Не знаю, как долго я уже шел и насколько продвинулся, но туман разошелся достаточно сильно и скрывал мои ноги лишь на пару-тройку сантиметров. Очертания неких дверей начали чудиться мне вокруг. Я словно шел по большому, широкому, волшебному коридору без стен и потолка. Двери, как мне показалось, были антуражем и никуда не вели. Что-то мне подсказывало, что если я открою хоть одну, то там будет совершенно пусто. Я остановился. Туман стал легкой прозрачной дымкой, ползущей по черному полу, в котором виднелись отражения дверей и мое собственное. Теперь я точно знал, что я на чем-то стою. Я ощутил гладкий холодный пол под собой. Это успокоило меня еще больше.
Двери были совсем разные. Резные и простые, однотонные и разноцветные из различных материалов. Я продвигался медленно, чтобы все хорошо осмотреть. Насколько я понял, мне нужна одна единственная дверь. Вот только какая именно? Некоторые материалы были мне совершенно незнакомы. Пожалуй, за всю свою жизнь я никогда еще не видел ничего подобного. Это было удивительно. Это место перестало меня пугать. Оно… заворожило. Я хотел бы исследовать здесь все. Подняв глаза, я понял, что и надо мной есть еще масса дверей, коридоров, словно не имеющих пола под собой. Двери будто висели в воздухе, они появлялись из ниоткуда. Миллионы дверей, как звезды, рассыпанные по ночному небу. Это было невероятно. А, может, все это лишь чудится мне? Я прикоснулся к увенчанной мягким желтым светом деревянной двери. Она, как и потолки в нашем городе, была сплетена из толстых ветвей деревьев. Только небольшая ее часть не была перекрыта веткой. Она была закрыта голубоватой водянистой пленкой, полупрозрачной и гибкой. Это водяное оконце переливалось светлыми лучистыми пятнами, словно блики солнечных лучей падали на морскую гладь. Мне это не чудилось. Это было на самом деле. Теперь я знал это.

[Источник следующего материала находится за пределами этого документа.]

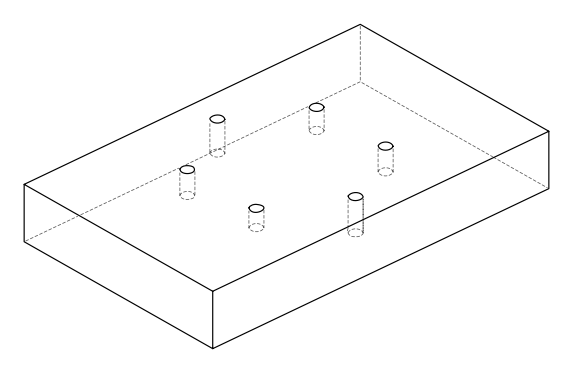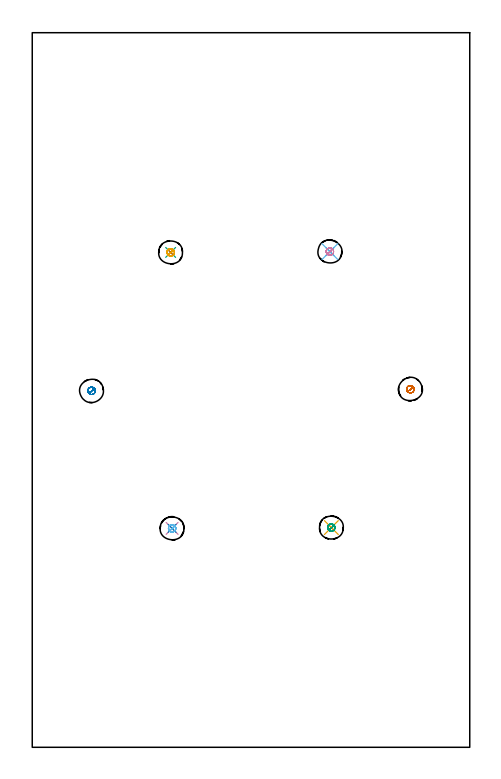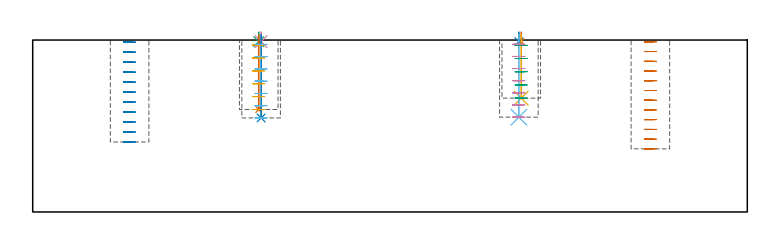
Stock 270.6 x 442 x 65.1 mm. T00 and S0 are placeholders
(PLAN: 14 operations, 2 tool changes, 5.3 min)
(1 SPOT_DRILL | STEP1POCKET | NXT0321_9005460120000 | 0.03 min | 2 mm3)
(2 SPOT_DRILL_1 | STEP1POCKET_2 | NXT0321_9005460120000 | 0.03 min | 2 mm3)
(3 SPOT_DRILL_2 | STEP1POCKET_3 | NXT0321_9005460120000 | 0.03 min | 4 mm3)
(4 SPOT_DRILL_3 | STEP1POCKET_5 | NXT0321_9005460120000 | 0.03 min | 1 mm3)
(5 DRILL_BLIND_HOLE_INTO_CENTER | STEP1POCKET | NXT0301_128 | 0.1 min | 2355 mm3)
(6 DRILL_BLIND_HOLE_INTO_CENTER_1 | STEP1POCKET_2 | NXT0301_128 | 0.13 min | 3167 mm3)
(7 DRILL_BLIND_HOLE_INTO_CENTER_2 | STEP1POCKET_3 | NXT0301_128 | 0.11 min | 2839 mm3)
(8 DRILL_BLIND_HOLE_INTO_CENTER_3 | STEP1POCKET_5 | NXT0301_128 | 0.13 min | 3200 mm3)
(9 MILL_ROUGH_BLIND_HOLE_CONTOUR | STEP1POCKET | NXT0201_010 | Spiral | 0.49 min | 1319 mm3)
(10 MILL_ROUGH_BLIND_HOLE_CONTOUR_1 | STEP1POCKET_2 | NXT0201_010 | Spiral | 0.69 min | 1712 mm3)
(11 MILL_ROUGH_BLIND_HOLE_CONTOUR_2 | STEP1POCKET_3 | NXT0201_010 | Spiral | 0.59 min | 1554 mm3)
(12 MILL_ROUGH_BLIND_HOLE_CONTOUR_3 | STEP1POCKET_5 | NXT0201_010 | Spiral | 0.69 min | 1728 mm3)
(13 MILL_BLIND_HOLE_FROM_SOLID_MATERIAL | STEP1POCKET_1 | NXT0201_010 | Spiral | 1.18 min | 6888 mm3)
(14 MILL_BLIND_HOLE_FROM_SOLID_MATERIAL_1 | STEP1POCKET_4 | NXT0201_010 | Spiral | 1.08 min | 6452 mm3)
(TOOL NXT0321_9005460120000 | NC Spot Drill, 142deg, 12mm, Carbide, Uncoated | D12 PA142 FL30 Z2)
(TOOL NXT0301_128 | Carbide Drill 12mm [861.1-1200-036A1-GP GC34] | D12 PA150 FL37.4 Z2)
(TOOL NXT0201_010 | ENDMILL 10mm [2P460-1000-NA 1630] | D10 FL30 Z6)
(OP 1 SPOT_DRILL)
G17 G21 G94 G90
T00 M6
G54
G17 G0 G90 X185. Y135.9 S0 M3
G43 Z75.1 H0
G94 G81 G98 Z64.472 F250. R68.1
G80
M5
M2
(OP 2 SPOT_DRILL_1)
G17 G21 G94 G90
T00 M6
G54
G17 G0 G90 X184.1 Y306.6 S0 M3
G43 Z75.1 H0
G94 G81 G98 Z64.472 F250. R68.1
G80
M5
M2
(OP 3 SPOT_DRILL_2)
G17 G21 G94 G90
T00 M6
G54
G17 G0 G90 X85.6 Y306.1 S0 M3
G43 Z75.1 H0
G94 G81 G98 Z64.472 F250. R68.1
G80
M5
M2
(OP 4 SPOT_DRILL_3)
G17 G21 G94 G90
T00 M6
G54
G17 G0 G90 X86.5 Y135.4 S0 M3
G43 Z75.1 H0
G94 G81 G98 Z64.472 F250. R68.1
G80
M5
M2
(OP 5 DRILL_BLIND_HOLE_INTO_CENTER)
G17 G21 G94 G90
T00 M6
G54
G17 G0 G90 X185. Y135.9 S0 M3
G43 Z75.1 H1
G94 G81 G98 Z43.1 F250. R67.1
G80
M5
M2
(OP 6 DRILL_BLIND_HOLE_INTO_CENTER_1)
G17 G21 G94 G90
T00 M6
G54
G17 G0 G90 X184.1 Y306.6 S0 M3
G43 Z75.1 H1
G94 G81 G98 Z35.9 F250. R67.1
G80
M5
M2
(OP 7 DRILL_BLIND_HOLE_INTO_CENTER_2)
G17 G21 G94 G90
T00 M6
G54
G17 G0 G90 X85.6 Y306.1 S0 M3
G43 Z75.1 H1
G94 G81 G98 Z38.8 F250. R67.1
G80
M5
M2
(OP 8 DRILL_BLIND_HOLE_INTO_CENTER_3)
G17 G21 G94 G90
T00 M6
G54
G17 G0 G90 X86.5 Y135.4 S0 M3
G43 Z75.1 H1
G94 G81 G98 Z35.6 F250. R67.1
G80
M5
M2
(OP 9 MILL_ROUGH_BLIND_HOLE_CONTOUR)
G17 G21 G94 G90
T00 M6
G54
G17 G0 G90 X185. Y135.9 S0 M3
G43 Z75.1 H1
Z63.1
G94 G3 X185.258 Y137.942 R1.037 F250.
X182.772 Y136.472 R2.042
X184.428 Y133.672 R2.3
X182.772 Y136.472 R-2.3
X183.6 Y135.072 R1.15
X185. Y135.9 R1.15
G0 Z58.1
G3 X185.258 Y137.942 R1.037
X182.772 Y136.472 R2.042
X184.428 Y133.672 R2.3
X182.772 Y136.472 R-2.3
X183.6 Y135.072 R1.15
X185. Y135.9 R1.15
G0 Z53.1
G3 X185.258 Y137.942 R1.037
X182.772 Y136.472 R2.042
X184.428 Y133.672 R2.3
X182.772 Y136.472 R-2.3
X183.6 Y135.072 R1.15
X185. Y135.9 R1.15
G0 Z48.1
G3 X185.258 Y137.942 R1.037
X182.772 Y136.472 R2.042
X184.428 Y133.672 R2.3
X182.772 Y136.472 R-2.3
X183.6 Y135.072 R1.15
X185. Y135.9 R1.15
G0 Z43.1
G3 X185.258 Y137.942 R1.037
X182.772 Y136.472 R2.042
X184.428 Y133.672 R2.3
X182.772 Y136.472 R-2.3
X183.6 Y135.072 R1.15
X185. Y135.9 R1.15
G0 Z75.1
M5
M2
(OP 10 MILL_ROUGH_BLIND_HOLE_CONTOUR_1)
G17 G21 G94 G90
T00 M6
G54
G17 G0 G90 X184.1 Y306.6 S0 M3
G43 Z75.1 H1
Z63.5
G94 G3 X184.358 Y308.642 R1.037 F250.
X181.872 Y307.172 R2.042
X183.528 Y304.372 R2.3
X181.872 Y307.172 R-2.3
X182.7 Y305.772 R1.15
X184.1 Y306.6 R1.15
G0 Z58.9
G3 X184.358 Y308.642 R1.037
X181.872 Y307.172 R2.042
X183.528 Y304.372 R2.3
X181.872 Y307.172 R-2.3
X182.7 Y305.772 R1.15
X184.1 Y306.6 R1.15
G0 Z54.3
G3 X184.358 Y308.642 R1.037
X181.872 Y307.172 R2.042
X183.528 Y304.372 R2.3
X181.872 Y307.172 R-2.3
X182.7 Y305.772 R1.15
X184.1 Y306.6 R1.15
G0 Z49.7
G3 X184.358 Y308.642 R1.037
X181.872 Y307.172 R2.042
X183.528 Y304.372 R2.3
X181.872 Y307.172 R-2.3
X182.7 Y305.772 R1.15
X184.1 Y306.6 R1.15
G0 Z45.1
G3 X184.358 Y308.642 R1.037
X181.872 Y307.172 R2.042
X183.528 Y304.372 R2.3
X181.872 Y307.172 R-2.3
X182.7 Y305.772 R1.15
X184.1 Y306.6 R1.15
G0 Z40.5
G3 X184.358 Y308.642 R1.037
X181.872 Y307.172 R2.042
X183.528 Y304.372 R2.3
X181.872 Y307.172 R-2.3
X182.7 Y305.772 R1.15
X184.1 Y306.6 R1.15
G0 Z35.9
G3 X184.358 Y308.642 R1.037
X181.872 Y307.172 R2.042
X183.528 Y304.372 R2.3
X181.872 Y307.172 R-2.3
X182.7 Y305.772 R1.15
X184.1 Y306.6 R1.15
G0 Z75.1
M5
M2
(OP 11 MILL_ROUGH_BLIND_HOLE_CONTOUR_2)
G17 G21 G94 G90
T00 M6
G54
G17 G0 G90 X85.6 Y306.1 S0 M3
G43 Z75.1 H1
Z63.217
G94 G3 X85.858 Y308.142 R1.037 F250.
X83.372 Y306.672 R2.042
X85.028 Y303.872 R2.3
X83.372 Y306.672 R-2.3
X84.2 Y305.272 R1.15
X85.6 Y306.1 R1.15
G0 Z58.333
G3 X85.858 Y308.142 R1.037
X83.372 Y306.672 R2.042
X85.028 Y303.872 R2.3
X83.372 Y306.672 R-2.3
X84.2 Y305.272 R1.15
X85.6 Y306.1 R1.15
G0 Z53.45
G3 X85.858 Y308.142 R1.037
X83.372 Y306.672 R2.042
X85.028 Y303.872 R2.3
X83.372 Y306.672 R-2.3
X84.2 Y305.272 R1.15
X85.6 Y306.1 R1.15
G0 Z48.567
G3 X85.858 Y308.142 R1.037
X83.372 Y306.672 R2.042
X85.028 Y303.872 R2.3
X83.372 Y306.672 R-2.3
X84.2 Y305.272 R1.15
X85.6 Y306.1 R1.15
G0 Z43.683
G3 X85.858 Y308.142 R1.037
X83.372 Y306.672 R2.042
X85.028 Y303.872 R2.3
X83.372 Y306.672 R-2.3
X84.2 Y305.272 R1.15
X85.6 Y306.1 R1.15
G0 Z38.8
G3 X85.858 Y308.142 R1.037
X83.372 Y306.672 R2.042
X85.028 Y303.872 R2.3
X83.372 Y306.672 R-2.3
X84.2 Y305.272 R1.15
X85.6 Y306.1 R1.15
G0 Z75.1
M5
M2
(OP 12 MILL_ROUGH_BLIND_HOLE_CONTOUR_3)
G17 G21 G94 G90
T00 M6
G54
G17 G0 G90 X86.5 Y135.4 S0 M3
G43 Z75.1 H1
Z63.457
G94 G3 X86.758 Y137.442 R1.037 F250.
X84.272 Y135.972 R2.042
X85.928 Y133.172 R2.3
X84.272 Y135.972 R-2.3
X85.1 Y134.572 R1.15
X86.5 Y135.4 R1.15
G0 Z58.814
G3 X86.758 Y137.442 R1.037
X84.272 Y135.972 R2.042
X85.928 Y133.172 R2.3
X84.272 Y135.972 R-2.3
X85.1 Y134.572 R1.15
X86.5 Y135.4 R1.15
G0 Z54.171
G3 X86.758 Y137.442 R1.037
X84.272 Y135.972 R2.042
X85.928 Y133.172 R2.3
X84.272 Y135.972 R-2.3
X85.1 Y134.572 R1.15
X86.5 Y135.4 R1.15
G0 Z49.529
G3 X86.758 Y137.442 R1.037
X84.272 Y135.972 R2.042
X85.928 Y133.172 R2.3
X84.272 Y135.972 R-2.3
X85.1 Y134.572 R1.15
X86.5 Y135.4 R1.15
G0 Z44.886
G3 X86.758 Y137.442 R1.037
X84.272 Y135.972 R2.042
X85.928 Y133.172 R2.3
X84.272 Y135.972 R-2.3
X85.1 Y134.572 R1.15
X86.5 Y135.4 R1.15
G0 Z40.243
G3 X86.758 Y137.442 R1.037
X84.272 Y135.972 R2.042
X85.928 Y133.172 R2.3
X84.272 Y135.972 R-2.3
X85.1 Y134.572 R1.15
X86.5 Y135.4 R1.15
G0 Z35.6
G3 X86.758 Y137.442 R1.037
X84.272 Y135.972 R2.042
X85.928 Y133.172 R2.3
X84.272 Y135.972 R-2.3
X85.1 Y134.572 R1.15
X86.5 Y135.4 R1.15
G0 Z75.1
M5
M2
(OP 13 MILL_BLIND_HOLE_FROM_SOLID_MATERIAL)
G17 G21 G94 G90
T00 M6
G54
G17 G0 G90 X233.9 Y221.5 S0 M3
G43 Z75.1 H1
Z64.417
G94 G3 X234.158 Y223.542 R1.037 F250.
X231.672 Y222.072 R2.042
X233.328 Y219.272 R2.3
X231.672 Y222.072 R-2.3
X232.5 Y220.672 R1.15
X233.9 Y221.5 R1.15
G0 Z60.733
G3 X234.158 Y223.542 R1.037
X231.672 Y222.072 R2.042
X233.328 Y219.272 R2.3
X231.672 Y222.072 R-2.3
X232.5 Y220.672 R1.15
X233.9 Y221.5 R1.15
G0 Z57.05
G3 X234.158 Y223.542 R1.037
X231.672 Y222.072 R2.042
X233.328 Y219.272 R2.3
X231.672 Y222.072 R-2.3
X232.5 Y220.672 R1.15
X233.9 Y221.5 R1.15
G0 Z53.367
G3 X234.158 Y223.542 R1.037
X231.672 Y222.072 R2.042
X233.328 Y219.272 R2.3
X231.672 Y222.072 R-2.3
X232.5 Y220.672 R1.15
X233.9 Y221.5 R1.15
G0 Z49.683
G3 X234.158 Y223.542 R1.037
X231.672 Y222.072 R2.042
X233.328 Y219.272 R2.3
X231.672 Y222.072 R-2.3
X232.5 Y220.672 R1.15
X233.9 Y221.5 R1.15
G0 Z46.
G3 X234.158 Y223.542 R1.037
X231.672 Y222.072 R2.042
X233.328 Y219.272 R2.3
X231.672 Y222.072 R-2.3
X232.5 Y220.672 R1.15
X233.9 Y221.5 R1.15
G0 Z42.317
G3 X234.158 Y223.542 R1.037
X231.672 Y222.072 R2.042
X233.328 Y219.272 R2.3
X231.672 Y222.072 R-2.3
X232.5 Y220.672 R1.15
X233.9 Y221.5 R1.15
G0 Z38.633
G3 X234.158 Y223.542 R1.037
X231.672 Y222.072 R2.042
X233.328 Y219.272 R2.3
X231.672 Y222.072 R-2.3
X232.5 Y220.672 R1.15
X233.9 Y221.5 R1.15
G0 Z34.95
G3 X234.158 Y223.542 R1.037
X231.672 Y222.072 R2.042
X233.328 Y219.272 R2.3
X231.672 Y222.072 R-2.3
X232.5 Y220.672 R1.15
X233.9 Y221.5 R1.15
G0 Z31.267
G3 X234.158 Y223.542 R1.037
X231.672 Y222.072 R2.042
X233.328 Y219.272 R2.3
X231.672 Y222.072 R-2.3
X232.5 Y220.672 R1.15
X233.9 Y221.5 R1.15
G0 Z27.583
G3 X234.158 Y223.542 R1.037
X231.672 Y222.072 R2.042
X233.328 Y219.272 R2.3
X231.672 Y222.072 R-2.3
X232.5 Y220.672 R1.15
X233.9 Y221.5 R1.15
G0 Z23.9
G3 X234.158 Y223.542 R1.037
X231.672 Y222.072 R2.042
X233.328 Y219.272 R2.3
X231.672 Y222.072 R-2.3
X232.5 Y220.672 R1.15
X233.9 Y221.5 R1.15
G0 Z75.1
M5
M2
(OP 14 MILL_BLIND_HOLE_FROM_SOLID_MATERIAL_1)
G17 G21 G94 G90
T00 M6
G54
G17 G0 G90 X36.7 Y220.5 S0 M3
G43 Z75.1 H1
Z64.318
G94 G3 X36.958 Y222.542 R1.037 F250.
X34.472 Y221.072 R2.042
X36.128 Y218.272 R2.3
X34.472 Y221.072 R-2.3
X35.3 Y219.672 R1.15
X36.7 Y220.5 R1.15
G0 Z60.536
G3 X36.958 Y222.542 R1.037
X34.472 Y221.072 R2.042
X36.128 Y218.272 R2.3
X34.472 Y221.072 R-2.3
X35.3 Y219.672 R1.15
X36.7 Y220.5 R1.15
G0 Z56.755
G3 X36.958 Y222.542 R1.037
X34.472 Y221.072 R2.042
X36.128 Y218.272 R2.3
X34.472 Y221.072 R-2.3
X35.3 Y219.672 R1.15
X36.7 Y220.5 R1.15
G0 Z52.973
G3 X36.958 Y222.542 R1.037
X34.472 Y221.072 R2.042
X36.128 Y218.272 R2.3
X34.472 Y221.072 R-2.3
X35.3 Y219.672 R1.15
X36.7 Y220.5 R1.15
G0 Z49.191
G3 X36.958 Y222.542 R1.037
X34.472 Y221.072 R2.042
X36.128 Y218.272 R2.3
X34.472 Y221.072 R-2.3
X35.3 Y219.672 R1.15
X36.7 Y220.5 R1.15
G0 Z45.409
G3 X36.958 Y222.542 R1.037
X34.472 Y221.072 R2.042
X36.128 Y218.272 R2.3
X34.472 Y221.072 R-2.3
X35.3 Y219.672 R1.15
X36.7 Y220.5 R1.15
G0 Z41.627
G3 X36.958 Y222.542 R1.037
X34.472 Y221.072 R2.042
X36.128 Y218.272 R2.3
X34.472 Y221.072 R-2.3
X35.3 Y219.672 R1.15
X36.7 Y220.5 R1.15
G0 Z37.845
G3 X36.958 Y222.542 R1.037
X34.472 Y221.072 R2.042
X36.128 Y218.272 R2.3
X34.472 Y221.072 R-2.3
X35.3 Y219.672 R1.15
X36.7 Y220.5 R1.15
G0 Z34.064
G3 X36.958 Y222.542 R1.037
X34.472 Y221.072 R2.042
X36.128 Y218.272 R2.3
X34.472 Y221.072 R-2.3
X35.3 Y219.672 R1.15
X36.7 Y220.5 R1.15
G0 Z30.282
G3 X36.958 Y222.542 R1.037
X34.472 Y221.072 R2.042
X36.128 Y218.272 R2.3
X34.472 Y221.072 R-2.3
X35.3 Y219.672 R1.15
X36.7 Y220.5 R1.15
G0 Z26.5
G3 X36.958 Y222.542 R1.037
X34.472 Y221.072 R2.042
X36.128 Y218.272 R2.3
X34.472 Y221.072 R-2.3
X35.3 Y219.672 R1.15
X36.7 Y220.5 R1.15
G0 Z75.1
M5
M2

Поразительно, сколько лет я ограничивал себя реальностью, совсем забывая и том, что наши фантазии куда выше этого. Что реальность переплетается с нашими мыслями и мечтами, создавая нечто особенное и неповторимое. Оно открылось мне. Оно было здесь, на расстоянии вытянутой руки. Живое, непостижимое уму. Как никогда настоящее.
Оконце блеснуло радужным пятном и… я проснулся. На этот раз я не был покалечен, я чувствовал себя хорошо. Меня не трясло, голова не кружилась. Но сейчас, как никогда, я был уверен, что это было на самом деле. Я был там. Не здесь. Нет, телом, может, я был и здесь, но душа… я ощущал все это душой, я прикасался к чему-то не телесному, такому, что можно ощутить только душой. Я загорелся этой мыслью. Что бы это ни было, где бы я ни находился, – я непременно хочу оказаться там еще раз.